Je souhaite réagir à l'article "Productivité, agilité, industrialisation : même combat?" paru ce mois dans le numéro 113 du magazine PROgrammez. Cet article fait parti d'un dossier spécial dédié à la productivité.
L'auteur y défend l'efficacité de la démarche Model-Driven avec génération du code. Il utilise certains arguments pour lesquels j'ai d'autres points de vue.
Tout d'abord, l'auteur affirme que "[la maintenance des modèles] est moins coûteuse que celle d'un code car celui-ci est dépendant de la technologie, des évolutions des outils, etc."
L'auteur a en tête les Platform-Independant-Models qui ne dépendent pas de la plateforme technologique. Par contre, il ne faut pas se leurrer: le modèle est très dépendant de la technologie MDE, de l'outil de modélisation, des outils de transformation de modèles et de l'outil de génération de code. Ainsi, les modèles restent dépendants de la technologie et des évolutions des outils.
Ensuite, l'auteur affirme que "L'éclectisme du code résultant des cultures et sensibilités diverses et variées des programmeurs se paye aussi comptant au moment du calcul des prix de revient des applications." Par expérience, j'ai remarqué qu'il existe autant de manières de modéliser une idée que de manières de la coder. Malgré un standard commun, j'ai pu constater que plusieurs développeurs au sein d'un même projet modélisent de manières différentes. UML n'est qu'une notation. De même, plusieurs rédacteurs rédigeront une même histoire de façons multiples.
Puis, l'auteur donne un avis avec lequel je suis fortement en désaccord: "Comment faire pour qu'un programmeur maintienne sans effort conséquent le code d'un autre? Comment faire pour qu'un programmeur retouchant celui d'un autre n'introduise pas, par simple incompréhension, des bogues?
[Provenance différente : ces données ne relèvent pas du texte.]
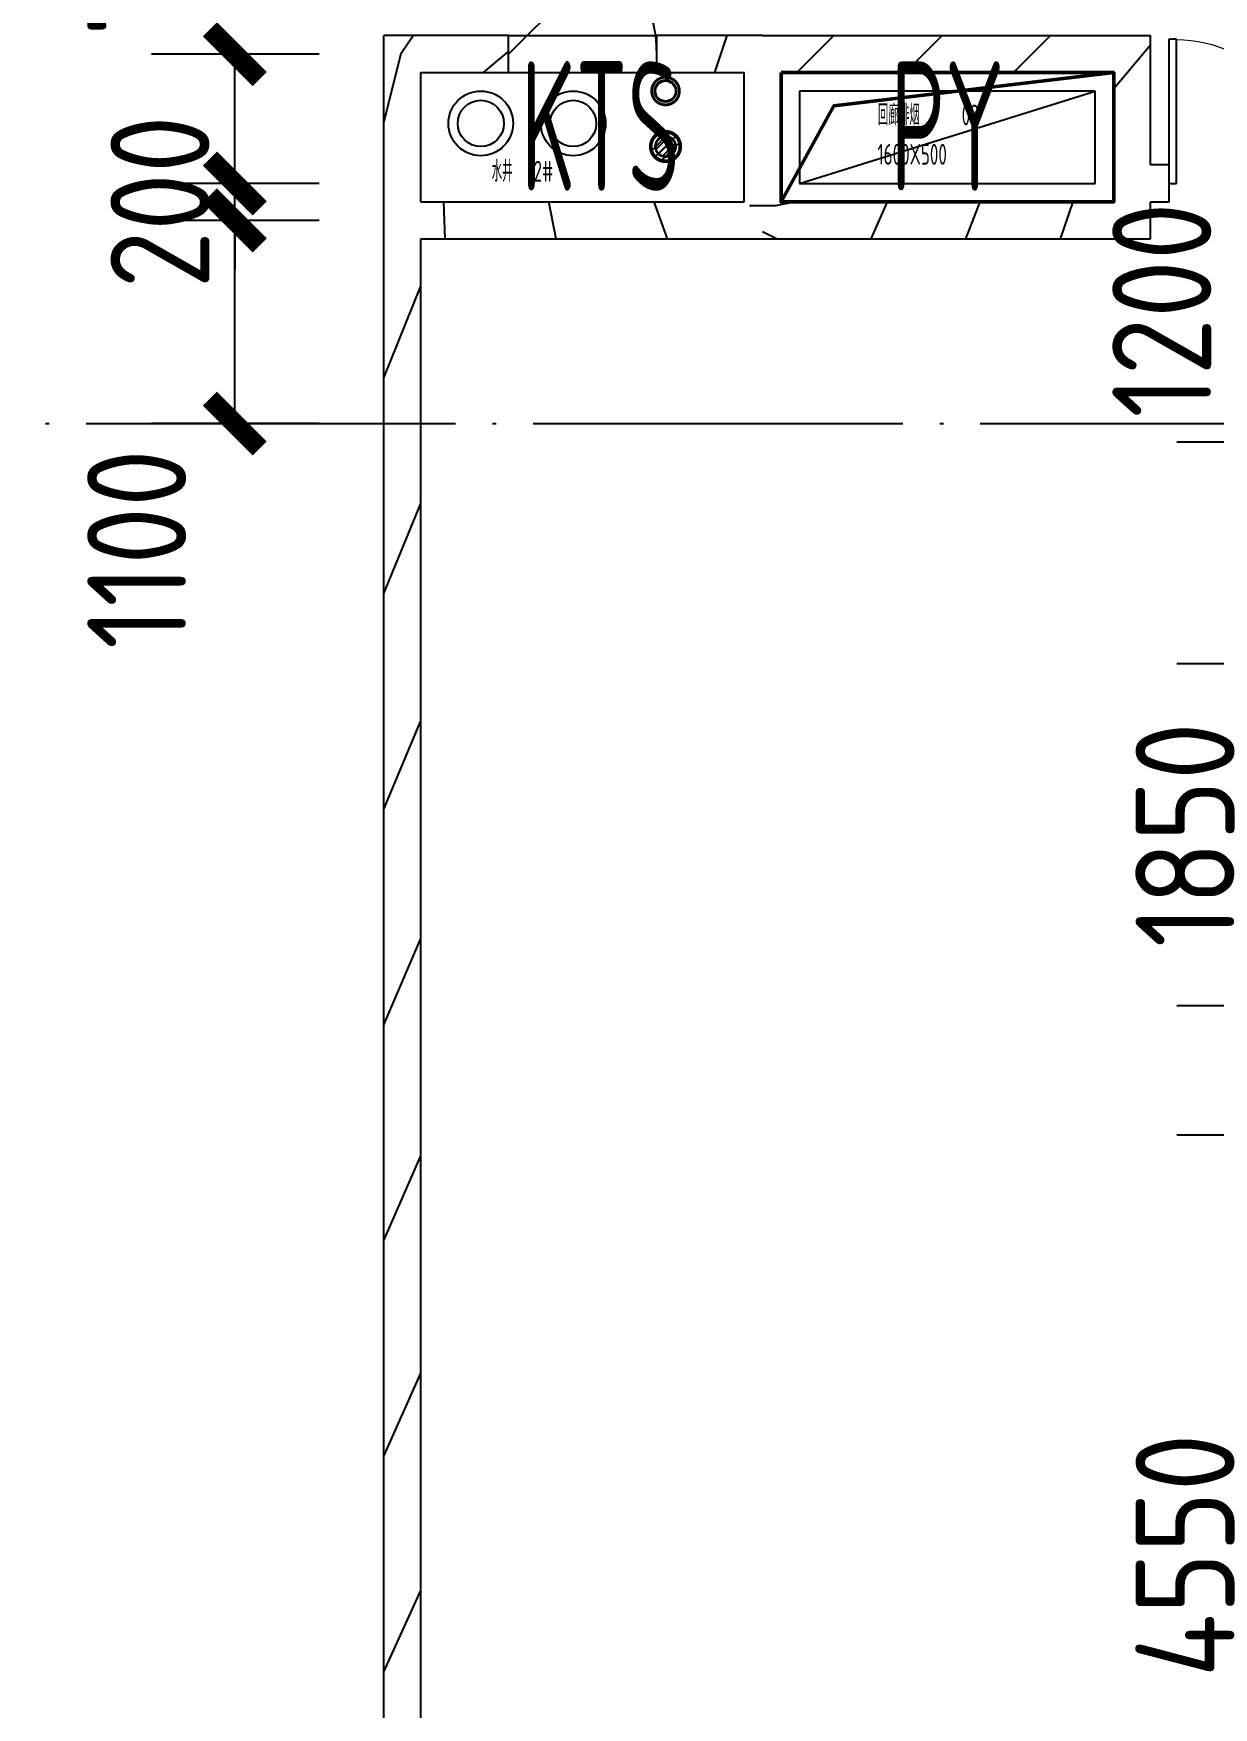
# Model space of a CAD drawing. Header units: inches. Extents: x 0 to 1813292486, y 0 to 3473589894.
# Drawn here: x 600565939 to 600572326, y 3473272670 to 3473281730 of the extents above; entities that cross this region are included whole.
import ezdxf
from ezdxf.enums import TextEntityAlignment as Align

# ---------------------------------------------------------------- set-up
doc = ezdxf.new("R2010")
doc.units = ezdxf.units.IN
doc.header["$LTSCALE"] = 1000
doc.header["$MEASUREMENT"] = 0
doc.linetypes.add('AX-MALL-GIRD-200$0$DOTE', pattern=[2.4200000000000004, 2, -0.2, 0.02, -0.2])
doc.linetypes.add('PX-MALL-P02-LG$0$DASHED', pattern=[0.75, 0.5, -0.25])
for name, color, linetype in [('A-Anno-Note', 241, 'Continuous'), ('AX-MALL-DIM-P02$0$A-Anno-Dims', 3, 'Continuous'), ('AX-MALL-DIM-P02$0$A-Detl-Thin', 131, 'Continuous'), ('AX-MALL-GIRD-200$0$A-Grid', 222, 'AX-MALL-GIRD-200$0$DOTE'), ('AX-MALL-P02-200$0$A-Anno-Note', 241, 'Continuous'), ('AX-MALL-WALL-P02$0$A-Anno-Note', 241, 'Continuous'), ('AX-MALL-WALL-P02-QT$0$A-Accs', 181, 'Continuous'), ('AX-MALL-WALL-P02-QT$0$A-Anno-Dims', 3, 'Continuous'), ('AX-MALL-WALL-P02-QT$0$A-Detl-Thin', 131, 'Continuous'), ('AX-MALL-WALL-P02-QT$0$A-Wall', 2, 'Continuous'), ('AX-MALL-WALL-P02-QT$0$A-Wall-Patt', 13, 'Continuous'), ('AX-MALL-WALL-P02-QT$0$A-Wind', 4, 'Continuous'), ('AX-MALL-ZTKD-P02$0$A-Anno-Note', 241, 'Continuous'), ('MX-MALL-P02-LG$0$M-VT-DUCT-FLG', 40, 'Continuous'), ('MX-MALL-P02-LG$0$M-VT-DUCT-SED', 150, 'Continuous'), ('MX-MALL-P02-LG$0$M-VT-TEXT', 21, 'Continuous'), ('PX-MALL-P02-LG$0$P-Drain-Fldr', 4, 'Continuous'), ('PX-MALL-P02-LG$0$P-Drain-Fldr-ARCH', 161, 'Continuous'), ('PX-MALL-P02-LG$0$P-Drain-Fldr-W100', 4, 'Continuous'), ('PX-MALL-P02-LG$0$P-Drain-Fldr-W50', 4, 'Continuous'), ('PX-MALL-P02-LG$0$P-Pipe-Risr', 7, 'Continuous'), ('PX-MALL-P02-LG$0$P-Pipe-Risr-Arch', 6, 'Continuous'), ('PX-MALL-P02-LG$0$P-Pipe-Risr-W100', 6, 'Continuous'), ('PX-MALL-P02-LG$0$P-Pipe-Risr-W50', 6, 'Continuous'), ('PX-MALL-P02-LG$0$P-Wast-Pipe', 143, 'PX-MALL-P02-LG$0$DASHED'), ('SX-MALL-NTKD-L-2F$0$S-HOLE', 5, 'Continuous')]:
    doc.layers.add(name, color=color, linetype=linetype)
doc.styles.add('AX-MALL-DIM-P02$0$_TCH_DIM_T3', font='gbenor.shx')
doc.styles.add('AX-MALL-WALL-P02-QT$0$STANDARD', font='gbenor.shx', dxfattribs={"bigfont": 'gbcbig.shx'})
doc.styles.add('MX-MALL-P02-LG$0$_THVAC_WIN', font='gbenor.shx', dxfattribs={"bigfont": 'gbcbig.shx'})
doc.styles.add('PX-MALL-P02-LG$0$jzfz', font='gbenor.shx', dxfattribs={"bigfont": 'gbcbig.shx'})
doc.dimstyles.new('AX-MALL-DIM-P02$0$_TCH_ARCH&&180', dxfattribs={"dimtxt": 535.5, "dimasz": 270, "dimexe": 450, "dimexo": 450, "dimgap": 137.25, "dimtad": 1, "dimdec": 0, "dimzin": 0, "dimdsep": 46, "dimtxsty": 'AX-MALL-DIM-P02$0$_TCH_DIM_T3', "dimblk": 'AX-MALL-DIM-P02$0$_ArchTick', "dimcen": 0.09, "dimclrt": 7, "dimazin": 2, "dimtfac": 1, "dimtdec": 0, "dimtix": 1, "dimtmove": 2, "dimatfit": 3, "dimfxl": 500, "dimtolj": 1, "dimtzin": 0, "dimarcsym": 0})
pattern_1 = [(45, (0, 359.0227), (-353.55353201463, 353.55353201463), [])]

# ---------------------------------------------------------------- blocks, each defined once
blk = doc.blocks.new('AX-MALL-GIRD-200')
at = {"layer": 'AX-MALL-GIRD-200$0$A-Grid'}
blk.add_line((600241980.060326, 3473196551.41375), (600599876.0644244, 3473063224.650467), dxfattribs=at)
blk = doc.blocks.new('MX-MALL-P02-LG')
at = {"color": 6}
for radius in [175.000000054465, 125]:
    blk.add_circle((600396488.7496933, 3473140726.488383), radius, dxfattribs=at)
at = {"color": 2}
for radius in [175.000000054465, 125]:
    blk.add_circle((600396957.2937655, 3473140551.941966), radius, dxfattribs=at)
at = {"layer": 'MX-MALL-P02-LG$0$M-VT-DUCT-FLG'}
blk.add_line((600397992.20792, 3473139819.587048), (600399666.0953707, 3473139729.582589), dxfattribs=at)
at = {"layer": 'MX-MALL-P02-LG$0$M-VT-DUCT-SED'}
for p, q in [((600398166.7543362, 3473140288.131121), (600397992.20792, 3473139819.587048)), ((600399666.0953707, 3473139729.582589), (600398166.7543362, 3473140288.131121)), ((600397992.20792, 3473139819.587048), (600399491.5489544, 3473139261.038516)), ((600399491.5489544, 3473139261.038516), (600399666.0953707, 3473139729.582589))]:
    blk.add_line(p, q, dxfattribs=at)
at = {"layer": 'MX-MALL-P02-LG$0$M-VT-TEXT', "style": 'MX-MALL-P02-LG$0$_THVAC_WIN', "width": 0.7}
for s, p in [('水井', (600396433.6067076, 3473140410.110298)), ('2#', (600396646.1715125, 3473140330.923671)), ('回廊排烟', (600398498.9254372, 3473139966.288014, -11999.99999999999)), ('02', (600398924.0550469, 3473139807.91476, -11999.99999999999)), ('1600X500', (600398422.2100635, 3473139767.269915, -11999.99999999999))]:
    blk.add_text(s, height=112.6582278481012, rotation=339.5681612591187, dxfattribs=at).set_placement(p)
blk = doc.blocks.new('SX-MALL-NTKD-L-2F')
at = {"layer": 'SX-MALL-NTKD-L-2F$0$S-HOLE', "lineweight": 50, "elevation": 2999.999999999998}
blk.add_lwpolyline([(600398107.9548047, 3473140416.749218), (600399794.7134689, 3473139788.382122), (600399550.3484744, 3473139132.420386), (600397863.5898101, 3473139760.787483)], close=True, dxfattribs=at)
at = {"layer": 'SX-MALL-NTKD-L-2F$0$S-HOLE', "lineweight": 50}
blk.add_lwpolyline([(600399794.7134355, 3473139788.382097), (600398313.1241194, 3473140148.711319), (600397863.5897872, 3473139760.787491)], dxfattribs=at)
blk = doc.blocks.new('SX-MALL-NTKD-2F')
blk.add_blockref('SX-MALL-NTKD-L-2F', (0, 0))
blk = doc.blocks.new('AX-MALL-WALL-P02-QT$0$$DorLib2D$00000002')
for p, q in [((-0.5, -5.684341886080802e-17), (-0.5000000000000007, 0.4875)), ((-0.4750000000000007, 0.4875), (-0.5000000000000007, 0.4875)), ((-0.475, -2.842170943040401e-17), (-0.4750000000000007, 0.4875)), ((0.475, -2.842170943040401e-17), (0.4750000000000007, 0.4875)), ((0.4750000000000007, 0.4875), (0.5000000000000007, 0.4875)), ((0.5, -5.684341886080802e-17), (0.5000000000000007, 0.4875)), ((-0.5, -5.684341886080802e-17), (-0.475, -2.842170943040401e-17)), ((0.5, -5.684341886080802e-17), (0.475, -2.842170943040401e-17))]:
    blk.add_line(p, q)
at = {"lineweight": 13}
for centre, start, end in [((-0.4875, -4.263256414560601e-17), 0, 88.53071641864632), ((0.4875, -4.263256414560601e-17), 91.4692835813537, 180)]:
    blk.add_arc(centre, 0.4875, start, end, dxfattribs=at)
blk = doc.blocks.new('AX-MALL-WALL-P02-QT$0$$DorLib2D$00000114')
at = {"color": 0}
blk.add_line((0.4999999999999964, 3.552713678800501e-15), (-0.2071067811864751, 0.7071067811864857), dxfattribs=at)
blk.add_arc((0.5000000000013856, -1.154631945610163e-12), 1.000000000001696, 135, 180, dxfattribs=at)
blk = doc.blocks.new('AX-MALL-WALL-P02-QT')
at = {"layer": 'AX-MALL-WALL-P02-QT$0$A-Wall-Patt'}
h = blk.add_hatch(dxfattribs=at)
h.set_pattern_fill('普通砖', color=256, scale=200, style=0)
h.set_pattern_definition(pattern_1)
h.paths.add_polyline_path([(600395938.8860978, 3473140371.082546), (600396036.2679241, 3473140441.518505), (600396280.6329062, 3473141097.480208), (600396163.033843, 3473141354.716403), (600395813.9410113, 3473140417.628256)])
h = blk.add_hatch(dxfattribs=at)
h.set_pattern_fill('普通砖', color=256, scale=200, style=0)
h.set_pattern_definition(pattern_1)
h.paths.add_polyline_path([(600396280.6329062, 3473141097.480208), (600396725.7497761, 3473140931.661113), (600396795.5683424, 3473141119.078742), (600396163.033843, 3473141354.716403)])
h = blk.add_hatch(dxfattribs=at)
h.set_pattern_fill('普通砖', color=256, scale=200, style=0)
h.set_pattern_definition(pattern_1)
h.paths.add_polyline_path([(600398084.0645442, 3473140639.076098), (600397545.2388599, 3473140839.804477), (600397475.4202936, 3473140652.386847), (600397920.537163, 3473140486.567752), (600398037.5188333, 3473140514.131012)])
h = blk.add_hatch(dxfattribs=at)
h.set_pattern_fill('普通砖', color=256, scale=200, style=0)
h.set_pattern_definition(pattern_1)
h.paths.add_polyline_path([(600398037.5188333, 3473140514.131012), (600398107.9547925, 3473140416.749186), (600399794.7134575, 3473139788.382089), (600400051.9496529, 3473139905.981152), (600398084.0645442, 3473140639.076098)])
h = blk.add_hatch(dxfattribs=at)
h.set_pattern_fill('普通砖', color=256, scale=200, style=0)
h.set_pattern_definition(pattern_1)
h.paths.add_polyline_path([(600397746.6081403, 3473139733.224224), (600397863.5898104, 3473139760.787483), (600398107.9547925, 3473140416.749186), (600398037.5188333, 3473140514.131012), (600397920.537163, 3473140486.567752), (600397676.172181, 3473139830.60605)])
h = blk.add_hatch(dxfattribs=at)
h.set_pattern_fill('普通砖', color=256, scale=200, style=0)
h.set_pattern_definition(pattern_1)
h.paths.add_polyline_path([(600391432.8259717, 3473128657.17201), (600391550.4250346, 3473128399.935814), (600395966.4493577, 3473140254.100876), (600395938.8860978, 3473140371.082546), (600395813.9410114, 3473140417.628256)])
h = blk.add_hatch(dxfattribs=at)
h.set_pattern_fill('普通砖', color=256, scale=200, style=0)
h.set_pattern_definition(pattern_1)
h.paths.add_polyline_path([(600395938.8860977, 3473140371.082546), (600395966.4493577, 3473140254.100876), (600397700.0624295, 3473139608.279137), (600397746.6081403, 3473139733.224223), (600397676.172181, 3473139830.60605), (600396036.2679241, 3473140441.518505)])
h = blk.add_hatch(dxfattribs=at)
h.set_pattern_fill('普通砖', color=256, scale=200, style=0)
h.set_pattern_definition(pattern_1)
h.paths.add_polyline_path([(600399710.2028446, 3473139179.58349), (600399807.5846709, 3473139250.019449), (600400051.9496529, 3473139905.981152), (600399794.7134575, 3473139788.382089), (600399585.2577584, 3473139226.1292)])
h = blk.add_hatch(dxfattribs=at)
h.set_pattern_fill('普通砖', color=256, scale=200, style=0)
h.set_pattern_definition(pattern_1)
h.paths.add_polyline_path([(600397746.6081403, 3473139733.224224), (600397700.0624295, 3473139608.279137), (600399667.9475381, 3473138875.18419), (600399550.3484752, 3473139132.420386), (600397863.5898104, 3473139760.787483)])
h = blk.add_hatch(dxfattribs=at)
h.set_pattern_fill('普通砖', color=256, scale=200, style=0)
h.set_pattern_definition(pattern_1)
h.paths.add_polyline_path([(600399737.7661046, 3473139062.60182), (600399831.4749199, 3473139027.692537), (600399901.2934861, 3473139215.110166), (600399807.5846709, 3473139250.019449), (600399710.2028446, 3473139179.58349)])
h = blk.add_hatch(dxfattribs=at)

Réponse : le transformer en créateur de modèles et générer le code à partir de ses modèles!" La pratique du pilotage par les tests, le remaniement en continu, la suppression systématique des duplications et l'adoption de la solution la plus simple qui soit viable sont des voies pour modifier du code à moindre effort. Surtout, le pilotage par les tests (systématiques et couvrants) offre la seule garantie concrète que l'application ne régresse pas suite à une modification de code. La génération de code à partir de modèles n'offre pas de telles garanties. Qu'est-ce qui vous garantit que les défauts n'ont pas été introduits dans le modèle? Pourquoi les diagrammes n'exprimeraient que des idées justes? Pourquoi un modèle serait-il correct à priori? Seule l'exécution du logiciel permet d'affirmer qu'il est correct. Ne croyez pas que je dévalorise les modèles. En équipe, nous modélisons tous les jours ... avec des marqueurs et sur des tableaux blancs. Et puis, si nous modélisons en mode esquisse, c'est aussi parce que nous avons échoué en approche MDE ...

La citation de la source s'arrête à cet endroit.